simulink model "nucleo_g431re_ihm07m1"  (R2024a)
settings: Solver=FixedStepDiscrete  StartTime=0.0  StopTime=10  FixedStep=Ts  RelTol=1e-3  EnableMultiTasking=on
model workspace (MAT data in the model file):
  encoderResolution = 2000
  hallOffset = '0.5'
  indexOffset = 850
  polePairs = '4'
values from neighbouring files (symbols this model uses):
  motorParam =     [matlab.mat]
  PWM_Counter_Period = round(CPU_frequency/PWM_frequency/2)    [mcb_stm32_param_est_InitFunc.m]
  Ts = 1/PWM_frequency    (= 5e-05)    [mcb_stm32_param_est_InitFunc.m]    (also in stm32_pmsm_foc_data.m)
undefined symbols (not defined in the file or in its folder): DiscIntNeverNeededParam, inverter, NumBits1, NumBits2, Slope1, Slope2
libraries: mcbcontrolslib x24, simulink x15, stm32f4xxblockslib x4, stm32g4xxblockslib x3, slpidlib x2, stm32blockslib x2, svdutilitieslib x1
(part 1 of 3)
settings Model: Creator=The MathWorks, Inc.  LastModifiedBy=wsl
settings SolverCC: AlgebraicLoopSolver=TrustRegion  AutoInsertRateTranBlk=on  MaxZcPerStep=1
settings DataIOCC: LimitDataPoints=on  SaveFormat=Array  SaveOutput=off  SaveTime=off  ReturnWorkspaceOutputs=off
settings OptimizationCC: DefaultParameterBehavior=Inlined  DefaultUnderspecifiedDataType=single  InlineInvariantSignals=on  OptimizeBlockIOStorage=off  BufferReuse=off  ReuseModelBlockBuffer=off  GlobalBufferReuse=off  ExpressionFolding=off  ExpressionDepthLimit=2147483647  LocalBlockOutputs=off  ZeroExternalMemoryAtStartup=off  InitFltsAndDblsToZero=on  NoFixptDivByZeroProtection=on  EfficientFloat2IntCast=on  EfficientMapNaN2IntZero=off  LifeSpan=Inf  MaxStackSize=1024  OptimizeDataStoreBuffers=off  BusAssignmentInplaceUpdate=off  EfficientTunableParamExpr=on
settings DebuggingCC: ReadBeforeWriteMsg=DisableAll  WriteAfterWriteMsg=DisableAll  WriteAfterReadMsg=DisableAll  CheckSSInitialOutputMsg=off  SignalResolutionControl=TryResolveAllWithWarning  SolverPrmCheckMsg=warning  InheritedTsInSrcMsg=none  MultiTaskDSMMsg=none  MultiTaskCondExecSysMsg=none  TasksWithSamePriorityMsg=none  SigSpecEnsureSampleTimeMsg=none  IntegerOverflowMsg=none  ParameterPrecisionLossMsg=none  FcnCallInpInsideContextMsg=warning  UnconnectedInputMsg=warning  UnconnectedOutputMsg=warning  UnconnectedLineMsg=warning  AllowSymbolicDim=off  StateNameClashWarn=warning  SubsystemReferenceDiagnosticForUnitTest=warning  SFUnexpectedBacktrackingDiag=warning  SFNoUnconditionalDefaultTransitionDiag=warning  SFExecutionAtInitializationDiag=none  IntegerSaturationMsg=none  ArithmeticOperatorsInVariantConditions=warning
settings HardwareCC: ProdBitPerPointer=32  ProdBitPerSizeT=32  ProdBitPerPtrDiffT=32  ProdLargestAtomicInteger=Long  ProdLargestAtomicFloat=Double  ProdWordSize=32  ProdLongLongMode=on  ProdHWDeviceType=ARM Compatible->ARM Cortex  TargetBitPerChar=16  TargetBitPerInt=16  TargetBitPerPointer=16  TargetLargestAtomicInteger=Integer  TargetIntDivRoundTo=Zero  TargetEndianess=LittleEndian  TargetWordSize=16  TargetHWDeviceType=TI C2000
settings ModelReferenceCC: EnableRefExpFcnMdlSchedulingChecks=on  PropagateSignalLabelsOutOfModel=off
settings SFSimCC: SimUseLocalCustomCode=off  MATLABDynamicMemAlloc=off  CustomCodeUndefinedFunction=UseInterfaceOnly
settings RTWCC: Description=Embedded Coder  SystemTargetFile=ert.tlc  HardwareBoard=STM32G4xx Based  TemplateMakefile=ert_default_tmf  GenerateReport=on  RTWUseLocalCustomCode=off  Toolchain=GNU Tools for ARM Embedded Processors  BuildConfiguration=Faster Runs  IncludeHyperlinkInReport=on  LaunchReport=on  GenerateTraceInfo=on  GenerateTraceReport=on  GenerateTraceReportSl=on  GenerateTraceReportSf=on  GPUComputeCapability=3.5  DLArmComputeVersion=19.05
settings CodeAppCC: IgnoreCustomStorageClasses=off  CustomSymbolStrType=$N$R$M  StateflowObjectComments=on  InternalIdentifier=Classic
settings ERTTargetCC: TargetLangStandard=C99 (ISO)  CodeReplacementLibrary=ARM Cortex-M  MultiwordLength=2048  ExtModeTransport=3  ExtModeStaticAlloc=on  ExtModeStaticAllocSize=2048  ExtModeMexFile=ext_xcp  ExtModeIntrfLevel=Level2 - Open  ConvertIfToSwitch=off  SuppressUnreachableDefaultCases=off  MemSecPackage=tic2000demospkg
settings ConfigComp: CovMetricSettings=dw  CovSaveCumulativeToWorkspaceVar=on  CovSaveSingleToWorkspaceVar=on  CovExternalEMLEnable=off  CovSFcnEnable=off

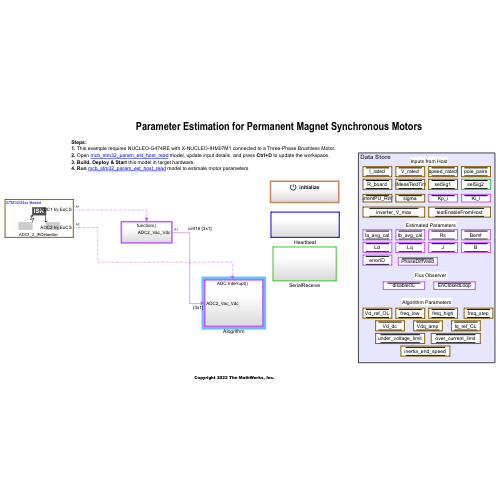
[thumbnail: Simulink's stored preview of the top-level diagram]
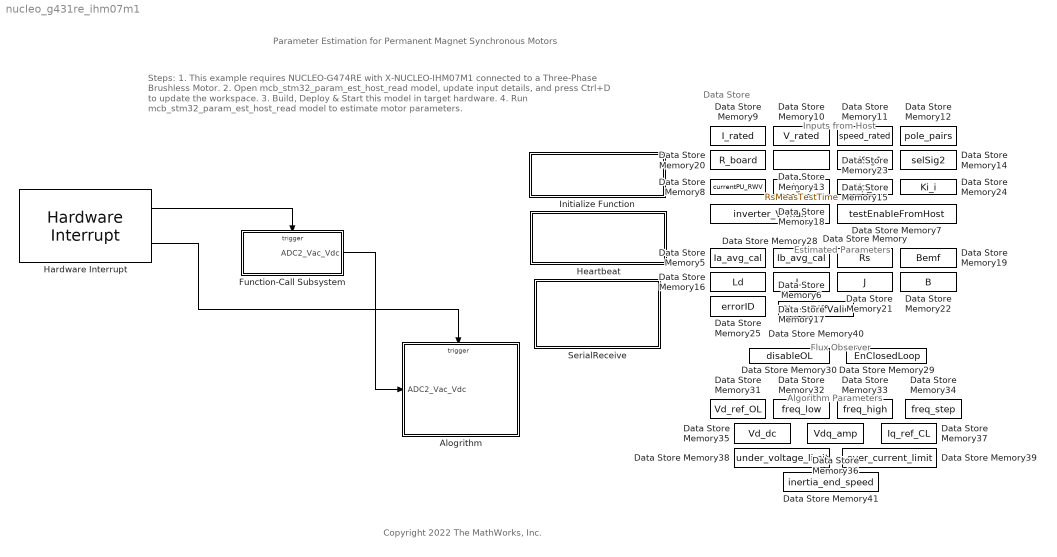
== system nucleo_g431re_ihm07m1 ==
  note: Flux Observer
  note: Estimated Parameters
  note: Data Store
  note: Inputs from Host
  note: Parameter Estimation for Permanent Magnet Synchronous Motors
  note: Steps:
      | 1. This example requires NUCLEO-G474RE with X-NUCLEO-IHM07M1 connected to a Three-Phase Brushless Motor.
      | 2. Open mcb_stm32_param_est_host_read model, update input details, and press Ctrl+D to update the workspace.
      | 3. Build, Deploy & Start this model in target hardware.
      | 4. Run mcb_stm32_param_est_host_read model to estimate motor parameters.
  note: Algorithm Parameters
  note: Copyright 2022 The MathWorks, Inc.
  Alogrithm : Subsystem
  Data Store Memory : DataStoreMemory  DataStoreName=Rs  ReadBeforeWriteMsg=warning  WriteAfterWriteMsg=warning  WriteAfterReadMsg=warning  InitialValue=1  ShowAdditionalParam=off  OutDataTypeStr=single
  Data Store Memory10 : DataStoreMemory  DataStoreName=V_rated  ReadBeforeWriteMsg=warning  WriteAfterWriteMsg=warning  WriteAfterReadMsg=warning  InitialValue=1  ShowAdditionalParam=off  OutDataTypeStr=single
  Data Store Memory11 : DataStoreMemory  DataStoreName=speed_rated  ReadBeforeWriteMsg=warning  WriteAfterWriteMsg=warning  WriteAfterReadMsg=warning  InitialValue=1  ShowAdditionalParam=off  OutDataTypeStr=single
  Data Store Memory12 : DataStoreMemory  DataStoreName=pole_pairs  ReadBeforeWriteMsg=warning  WriteAfterWriteMsg=warning  WriteAfterReadMsg=warning  InitialValue=1  ShowAdditionalParam=off  OutDataTypeStr=single
  Data Store Memory13 : DataStoreMemory  DataStoreName=RsMeasTestTime  ReadBeforeWriteMsg=warning  WriteAfterWriteMsg=warning  WriteAfterReadMsg=warning  InitialValue=1  ShowAdditionalParam=off  OutDataTypeStr=single
  Data Store Memory14 : DataStoreMemory  DataStoreName=selSig2  ReadBeforeWriteMsg=warning  WriteAfterWriteMsg=warning  WriteAfterReadMsg=warning  InitialValue=1  ShowAdditionalParam=off  OutDataTypeStr=single
  Data Store Memory15 : DataStoreMemory  DataStoreName=selSig1  ReadBeforeWriteMsg=warning  WriteAfterWriteMsg=warning  WriteAfterReadMsg=warning  InitialValue=1  ShowAdditionalParam=off  OutDataTypeStr=single
  Data Store Memory16 : DataStoreMemory  DataStoreName=Ld  ReadBeforeWriteMsg=warning  WriteAfterWriteMsg=warning  WriteAfterReadMsg=warning  InitialValue=1  ShowAdditionalParam=off
  Data Store Memory17 : DataStoreMemory  DataStoreName=Lq  ReadBeforeWriteMsg=warning  WriteAfterWriteMsg=warning  WriteAfterReadMsg=warning  InitialValue=1  ShowAdditionalParam=off
  Data Store Memory18 : DataStoreMemory  DataStoreName=sigma  ReadBeforeWriteMsg=warning  WriteAfterWriteMsg=warning  WriteAfterReadMsg=warning  InitialValue=1  ShowAdditionalParam=off  OutDataTypeStr=single
  Data Store Memory19 : DataStoreMemory  DataStoreName=Bemf  ReadBeforeWriteMsg=warning  WriteAfterWriteMsg=warning  WriteAfterReadMsg=warning  InitialValue=1  ShowAdditionalParam=off
  Data Store Memory20 : DataStoreMemory  DataStoreName=R_board  ReadBeforeWriteMsg=warning  WriteAfterWriteMsg=warning  WriteAfterReadMsg=warning  InitialValue=1  ShowAdditionalParam=off
  Data Store Memory21 : DataStoreMemory  DataStoreName=J  ReadBeforeWriteMsg=warning  WriteAfterWriteMsg=warning  WriteAfterReadMsg=warning  InitialValue=1  ShowAdditionalParam=off
  Data Store Memory22 : DataStoreMemory  DataStoreName=B  ReadBeforeWriteMsg=warning  WriteAfterWriteMsg=warning  WriteAfterReadMsg=warning  InitialValue=1  ShowAdditionalParam=off
  Data Store Memory23 : DataStoreMemory  DataStoreName=Kp_i  ReadBeforeWriteMsg=warning  WriteAfterWriteMsg=warning  WriteAfterReadMsg=warning  ShowAdditionalParam=off  OutDataTypeStr=single
  Data Store Memory24 : DataStoreMemory  DataStoreName=Ki_i  ReadBeforeWriteMsg=warning  WriteAfterWriteMsg=warning  WriteAfterReadMsg=warning  ShowAdditionalParam=off  OutDataTypeStr=single
  Data Store Memory25 : DataStoreMemory  DataStoreName=errorID  ReadBeforeWriteMsg=warning  WriteAfterWriteMsg=warning  WriteAfterReadMsg=warning  ShowAdditionalParam=off
  Data Store Memory28 : DataStoreMemory  DataStoreName=inverter_V_max  ReadBeforeWriteMsg=warning  WriteAfterWriteMsg=warning  WriteAfterReadMsg=warning  InitialValue=1  ShowAdditionalParam=off  OutDataTypeStr=single
  Data Store Memory29 : DataStoreMemory  DataStoreName=EnClosedLoop  ReadBeforeWriteMsg=warning  WriteAfterWriteMsg=warning  WriteAfterReadMsg=warning  ShowAdditionalParam=off
  Data Store Memory30 : DataStoreMemory  DataStoreName=disableOL  ReadBeforeWriteMsg=warning  WriteAfterWriteMsg=warning  WriteAfterReadMsg=warning  InitialValue=1  ShowAdditionalParam=off
  Data Store Memory31 : DataStoreMemory  DataStoreName=Vd_ref_OL  ReadBeforeWriteMsg=warning  WriteAfterWriteMsg=warning  WriteAfterReadMsg=warning  InitialValue=0.1  ShowAdditionalParam=off  OutDataTypeStr=single
  Data Store Memory32 : DataStoreMemory  DataStoreName=freq_low  ReadBeforeWriteMsg=warning  WriteAfterWriteMsg=warning  WriteAfterReadMsg=warning  InitialValue=400  ShowAdditionalParam=off  OutDataTypeStr=single
  Data Store Memory33 : DataStoreMemory  DataStoreName=freq_high  ReadBeforeWriteMsg=warning  WriteAfterWriteMsg=warning  WriteAfterReadMsg=warning  InitialValue=1000  ShowAdditionalParam=off  OutDataTypeStr=single
  Data Store Memory34 : DataStoreMemory  DataStoreName=freq_step  ReadBeforeWriteMsg=warning  WriteAfterWriteMsg=warning  WriteAfterReadMsg=warning  InitialValue=10  ShowAdditionalParam=off  OutDataTypeStr=single
  Data Store Memory35 : DataStoreMemory  DataStoreName=Vd_dc  ReadBeforeWriteMsg=warning  WriteAfterWriteMsg=warning  WriteAfterReadMsg=warning  InitialValue=0.1  ShowAdditionalParam=off  OutDataTypeStr=single
  Data Store Memory36 : DataStoreMemory  DataStoreName=Vdq_amp  ReadBeforeWriteMsg=warning  WriteAfterWriteMsg=warning  WriteAfterReadMsg=warning  InitialValue=0.05  ShowAdditionalParam=off  OutDataTypeStr=single
  Data Store Memory37 : DataStoreMemory  DataStoreName=Iq_ref_CL  ReadBeforeWriteMsg=warning  WriteAfterWriteMsg=warning  WriteAfterReadMsg=warning  InitialValue=0.2  ShowAdditionalParam=off  OutDataTypeStr=single
  Data Store Memory38 : DataStoreMemory  DataStoreName=under_voltage_limit  ReadBeforeWriteMsg=warning  WriteAfterWriteMsg=warning  WriteAfterReadMsg=warning  InitialValue=0.8  ShowAdditionalParam=off  OutDataTypeStr=single
  Data Store Memory39 : DataStoreMemory  DataStoreName=over_current_limit  ReadBeforeWriteMsg=warning  WriteAfterWriteMsg=warning  WriteAfterReadMsg=warning  InitialValue=1  ShowAdditionalParam=off  OutDataTypeStr=single
  Data Store Memory40 : DataStoreMemory  DataStoreName=PhaseDiffValid  ReadBeforeWriteMsg=warning  WriteAfterWriteMsg=warning  WriteAfterReadMsg=warning  ShowAdditionalParam=off
  Data Store Memory41 : DataStoreMemory  DataStoreName=inertia_end_speed  ReadBeforeWriteMsg=warning  WriteAfterWriteMsg=warning  WriteAfterReadMsg=warning  InitialValue=0.25  ShowAdditionalParam=off  OutDataTypeStr=single
  Data Store Memory5 : DataStoreMemory  DataStoreName=Ia_avg_cal  ReadBeforeWriteMsg=warning  WriteAfterWriteMsg=warning  WriteAfterReadMsg=warning  InitialValue=1  ShowAdditionalParam=off  OutDataTypeStr=single
  Data Store Memory6 : DataStoreMemory  DataStoreName=Ib_avg_cal  ReadBeforeWriteMsg=warning  WriteAfterWriteMsg=warning  WriteAfterReadMsg=warning  InitialValue=1  ShowAdditionalParam=off  OutDataTypeStr=single
  Data Store Memory7 : DataStoreMemory  DataStoreName=testEnableFromHost  ReadBeforeWriteMsg=warning  WriteAfterWriteMsg=warning  WriteAfterReadMsg=warning  InitialValue=1  ShowAdditionalParam=off  OutDataTypeStr=single
  Data Store Memory8 : DataStoreMemory  DataStoreName=currentPU_RWV  ReadBeforeWriteMsg=warning  WriteAfterWriteMsg=warning  WriteAfterReadMsg=warning  InitialValue=0.1  ShowAdditionalParam=off  OutDataTypeStr=single
  Data Store Memory9 : DataStoreMemory  DataStoreName=I_rated  ReadBeforeWriteMsg=warning  WriteAfterWriteMsg=warning  WriteAfterReadMsg=warning  InitialValue=1  ShowAdditionalParam=off  OutDataTypeStr=single
  Function-Call Subsystem : Subsystem  TreatAsAtomicUnit=on
  Hardware Interrupt : stm32g4xxblockslib/Hardware Interrupt  ISRGroup=Analog to digital converter (ADC)  ISRName=ADC1_2_IRQHandler  ISRNumber=33  EventsList={ 'off', 'ADC1 OVR', '1'; 'off', 'ADC1 Reg EoCS', '2'; 'on', 'ADC1 Inj EoCS', '2'; 'off', 'ADC1 Inj JQOVF', '4'; 'off', 'ADC1 Watchdog1', '5'; 'off', 'ADC1 Watchdog2', '6'; 'off', 'ADC1 Watchdog3', '7'; 'off', 'ADC2 OVR', '8'; 'off', 'ADC2 Reg EoCS', '9'; 'on', 'ADC2 Inj EoCS', '10'; 'off', 'ADC2 Inj JQOVF', '11'; 'off', 'ADC2 Watchdog', '12'; 'off', 'ADC2 Watchdog2', '13'; 'off', 'ADC2 Watchdog3', '14'; 'off', 'Custom event', '15' }  SelectedEvents={'ADC1 Inj EoCS','ADC2 Inj EoCS'}  TaskPriority=30  DisablePreemption=off  ClearInterruptFlagsAtEndOfEvent=off  InterruptDefinitionFile=$(TARGET_ROOT)/registry/interrupts/STM32F4xxBased_interrupts.xml  HardwareBoard=STM32G4xx Based  EnableSimPort=off
  Heartbeat : Subsystem
  Initialize Function : Subsystem  TreatAsAtomicUnit=on
  SerialReceive : Subsystem  SystemSampleTime=1e-3
  wires:
  Hardware Interrupt/2 -> Alogrithm/Trigger
  Hardware Interrupt/1 -> Function-Call Subsystem/Trigger
  Function-Call Subsystem/1(ADC2_Vac_Vdc) -> Alogrithm/1(ADC2_Vac_Vdc)

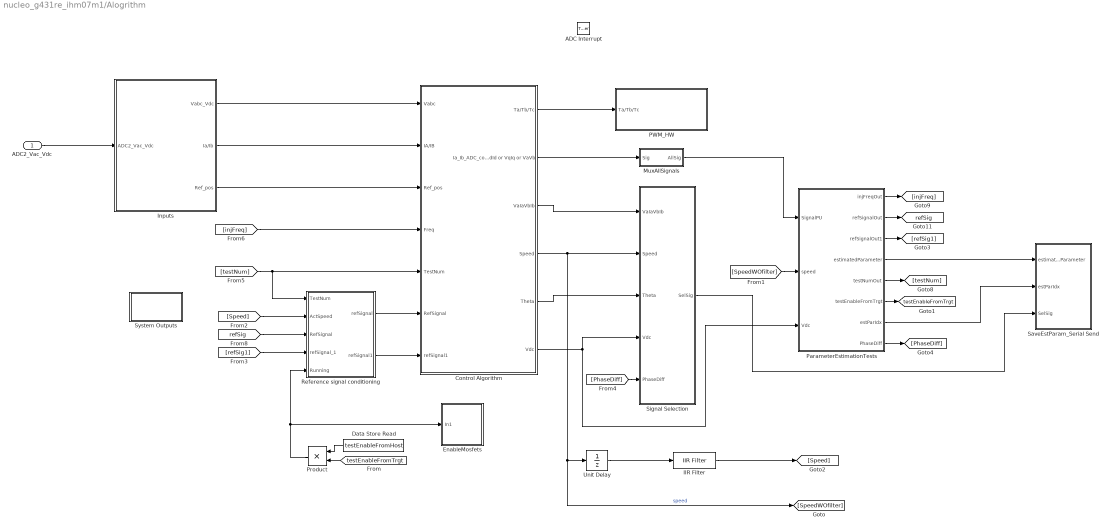
== system nucleo_g431re_ihm07m1/Alogrithm ==
  ADC2_Vac_Vdc : Inport
  ADC Interrupt : TriggerPort  TriggerType=function-call  VariantControl=Variant
  Control Algorithm : Subsystem
  Data Store Read : DataStoreRead  DataStoreName=testEnableFromHost  IndexOptions=Index vector (dialog)  Indices=1  OutputSizes=1
  EnableMosfets : Subsystem
  IIR Filter : mcbcontrolslib/IIR Filter  VariantControl=Low Pass Filter  VariantSelect=Low-pass  FilterConstantInputType=Specify via dialog  Filter_constant=0.01*(Ts/(50e-6))  advancedSettings=off  Ts=50e-6  cutOff_freq=64.9612
  Inputs : Subsystem
  MuxAllSignals : Subsystem
  PWM_HW : Subsystem
  ParameterEstimationTests : Subsystem
  Product : Product  OutDataTypeStr=single
  Reference signal conditioning : Subsystem
  SaveEstParam_Serial Send : Subsystem
  Signal Selection : Subsystem
  System Outputs : Subsystem  mask(System Outputs){ShowInLibBrowser=0}
      mask prompts: ShowInLibBrowser "Simulink:masks:CustCodeMaskParam1_MP"
      settings: CopyFcn=cccopyfcn(gcb)  OpenFcn=ccopenfcn('System Outputs Function')
      mask Help: eval('feval(''rtwprivate'',''rtwhelpview'',''rtw_sys_outputs_block'')');
      mask Display: disp('System\nOutputs');
  Unit Delay : UnitDelay  SampleTime=-1  HasFrameUpgradeWarning=on
  tag scope: refSig=global, testEnableFromTrgt=global
  wires:
  Inputs/2(Ia/Ib) -> Control Algorithm/2(IA/IB)
  [testNum] -> Reference signal conditioning/1(TestNum), Control Algorithm/5(TestNum)
  Inputs/3("Ref_pos ") -> Control Algorithm/3(Ref_pos)
  [injFreq] -> Control Algorithm/4(Freq)
  Control Algorithm/2(Ia_Ib_ADC_count or VdId or VqIq or VaVb) -> MuxAllSignals/1(Sig)
  Control Algorithm/5(Theta) -> Signal Selection/3(Theta)
  Control Algorithm/3(VaIaVbIb) -> Signal Selection/1(VaIaVbIb)
  Inputs/1(Vabc_Vdc) -> Control Algorithm/1(Vabc)
  [Speed] -> Reference signal conditioning/2(ActSpeed)
  Control Algorithm/4(Speed) -> [SpeedWOfilter], Unit Delay/1, Signal Selection/2(Speed)  "speed"
  Control Algorithm/6(Vdc) -> ParameterEstimationTests/3(Vdc), Signal Selection/4(Vdc)
  ParameterEstimationTests/2(refSignalOut) -> [refSig]
  ParameterEstimationTests/1(injFreqOut) -> [injFreq]
  [refSig] -> Reference signal conditioning/3("RefSignal ")
  Product/1 -> Reference signal conditioning/5(Running), EnableMosfets/1(In1)
  ParameterEstimationTests/5(testNumOut) -> [testNum]
  Data Store Read/1 -> Product/1
  ParameterEstimationTests/6(testEnableFromTrgt) -> [testEnableFromTrgt]
  [testEnableFromTrgt] -> Product/2
  Unit Delay/1 -> IIR Filter/1
  IIR Filter/1 -> [Speed]
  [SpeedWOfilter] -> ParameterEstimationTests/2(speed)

---

● TASK GOAL
Write out exactly the lines above between the line with "Data Store Memory12" and the line with "Data Store Memory20", inclusive, and nothing beyond them.

● RESULT OF THE TASK
  Data Store Memory12 : DataStoreMemory  DataStoreName=pole_pairs  ReadBeforeWriteMsg=warning  WriteAfterWriteMsg=warning  WriteAfterReadMsg=warning  InitialValue=1  ShowAdditionalParam=off  OutDataTypeStr=single
  Data Store Memory13 : DataStoreMemory  DataStoreName=RsMeasTestTime  ReadBeforeWriteMsg=warning  WriteAfterWriteMsg=warning  WriteAfterReadMsg=warning  InitialValue=1  ShowAdditionalParam=off  OutDataTypeStr=single
  Data Store Memory14 : DataStoreMemory  DataStoreName=selSig2  ReadBeforeWriteMsg=warning  WriteAfterWriteMsg=warning  WriteAfterReadMsg=warning  InitialValue=1  ShowAdditionalParam=off  OutDataTypeStr=single
  Data Store Memory15 : DataStoreMemory  DataStoreName=selSig1  ReadBeforeWriteMsg=warning  WriteAfterWriteMsg=warning  WriteAfterReadMsg=warning  InitialValue=1  ShowAdditionalParam=off  OutDataTypeStr=single
  Data Store Memory16 : DataStoreMemory  DataStoreName=Ld  ReadBeforeWriteMsg=warning  WriteAfterWriteMsg=warning  WriteAfterReadMsg=warning  InitialValue=1  ShowAdditionalParam=off
  Data Store Memory17 : DataStoreMemory  DataStoreName=Lq  ReadBeforeWriteMsg=warning  WriteAfterWriteMsg=warning  WriteAfterReadMsg=warning  InitialValue=1  ShowAdditionalParam=off
  Data Store Memory18 : DataStoreMemory  DataStoreName=sigma  ReadBeforeWriteMsg=warning  WriteAfterWriteMsg=warning  WriteAfterReadMsg=warning  InitialValue=1  ShowAdditionalParam=off  OutDataTypeStr=single
  Data Store Memory19 : DataStoreMemory  DataStoreName=Bemf  ReadBeforeWriteMsg=warning  WriteAfterWriteMsg=warning  WriteAfterReadMsg=warning  InitialValue=1  ShowAdditionalParam=off
  Data Store Memory20 : DataStoreMemory  DataStoreName=R_board  ReadBeforeWriteMsg=warning  WriteAfterWriteMsg=warning  WriteAfterReadMsg=warning  InitialValue=1  ShowAdditionalParam=off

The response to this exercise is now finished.